Отличительной особенностью произведения является его классический перевод, соответствующий принципам сложения стихотворений в форме оды, выражающей основную тематику произведения в качестве роли поэта в творческом процессе, а также во взаимоотношениях с читательской аудиторией, властными органами и собственной натурой.

Композиционная структура оды представляется в виде трехчастного строения, заключающегося в тезисе, размышлении и выводе и выполненного как монолог поэта.

В качестве стихотворного размера в оде используется форма двусложного ямба, придающего четкую, чеканную ритмику нерифмованным строфам. Среди средств художественной выразительности в стихотворении присутствуют высокостильные слова (отечество, превыше, воздвигну), а также греко-римские выражения и фразы, заимствованные из мифологических историй (дельфийский лавр, аквилон).
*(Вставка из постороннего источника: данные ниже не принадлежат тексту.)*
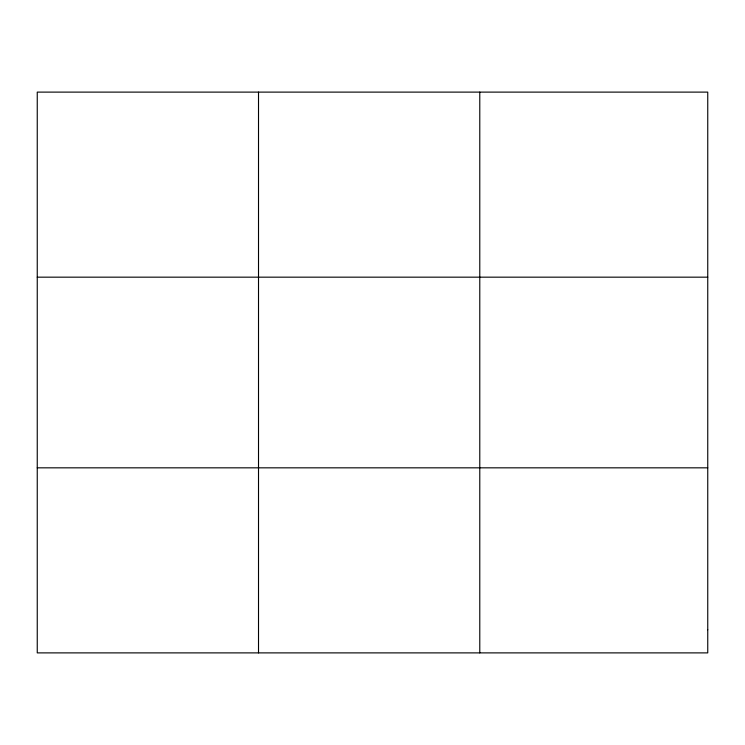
<?xml version="1.0" encoding="UTF-8"?>
<svg xmlns="http://www.w3.org/2000/svg" width="745" height="745" viewBox="0 0 745 745"><rect width="100%" height="100%" fill="white"/><g stroke="black" fill="none" stroke-linecap="round" stroke-linejoin="round"><path stroke-width="1.12" d="M258.515 92.11L258.515 652.89M479.78 92.11L479.78 652.89M37.25 277.168L707.75 277.168M37.25 467.832L707.75 467.832M707.75 629.758L707.75 652.89L37.25 652.89L37.25 92.11L707.75 92.11L707.75 629.758"/></g></svg>

При создании произведения поэт стремится не выделять свои личные заслуги, а передать их значение в общественном и национальном понимании. Таким образом, смысловая нагрузка оды заключается в донесении идеи о делах человека, которые станут бессмертными плодами вложенного труда в виде книги, изобретения, взращенного цветка для будущих поколений человечества.

Поэт сознательно допускает в стихотворении две погрешности с целью приближения содержания первоначального текста Горация к русским читателям, состоящих в изображении размаха Римского государства, олицетворяющего необъятный размер российской земли, а также в исключении из текста упоминания древнего римского ритуала подъема жреца с молчащей девой по капитолийским ступеням, символизирующего стабильность Рима.

В переводе поэта ода «Я знак бессмертия себе воздвигнул…» более ярко и отчетливо раскрывает тему талантливости русских людей, который необходимо раскрывать, имея ввиду происхождение автора оригинала произведения и свое собственное.

Стихотворение является литературной традицией творческих людей, подводящих итоговые результаты поэтической деятельности в виде изображения нерукотворного памятника.

Стихотворение «Я знак бессмертия себе воздвигнул…» – анализ по плану

Вариант 1

Михаил Васильевич Ломоносов отличился в разных областях наук и искусств, его недаром называют русским Леонардо да Винчи. Стихотворение «Я знак бессмертия себе воздвигнул» — перевод чужого произведения, ставший авторским под пером ученого и поэта.

Стихотворение написано в 1747 году. Его автору 36 лет, он профессор химии Академии наук и художеств, женат. В этот же год он создает оду, приветствующую восшествие на трон императрицы Елизаветы Петровны. Произведение является переводом из римского поэта Горация.

Сразу вспоминается как «Памятник» Г. Державина, так и «Памятник» А. Пушкина. М. Ломоносов первым заложил эту традицию в отечественной поэзии.

По жанру — ода, по размеру — ямб, без деления на строфы. Лирический герой — и Гораций, и сам М. Ломоносов. Он видит бессмертие в делах на пользу людям и стране. Для таких людей он считает заслуженной славу в веках. Надо заметить, что Гораций величает свою литературную славу, тогда как русский поэт имеет в виду и свои научные, педагогические, просветительские успехи. Невольной насмешкой выглядит строка: пока великий Рим владеет светом. Что ж, к XVIII веку это давно не так, но поэт действительно не забыт, он пережил древнюю империю.

Впрочем, оду следует рассматривать и как вполне самостоятельное произведение М. Ломоносова, поскольку он ее переосмыслил на свой лад. Некоторые строки опустил, некоторые подчеркнул: мне беззнатный род препятством не был. Лексика возвышенная. Рифм нет, но в некоторых строках слова словно сопрягаются: бессмертия-меди. Четкий ритм держит каркас стихотворения.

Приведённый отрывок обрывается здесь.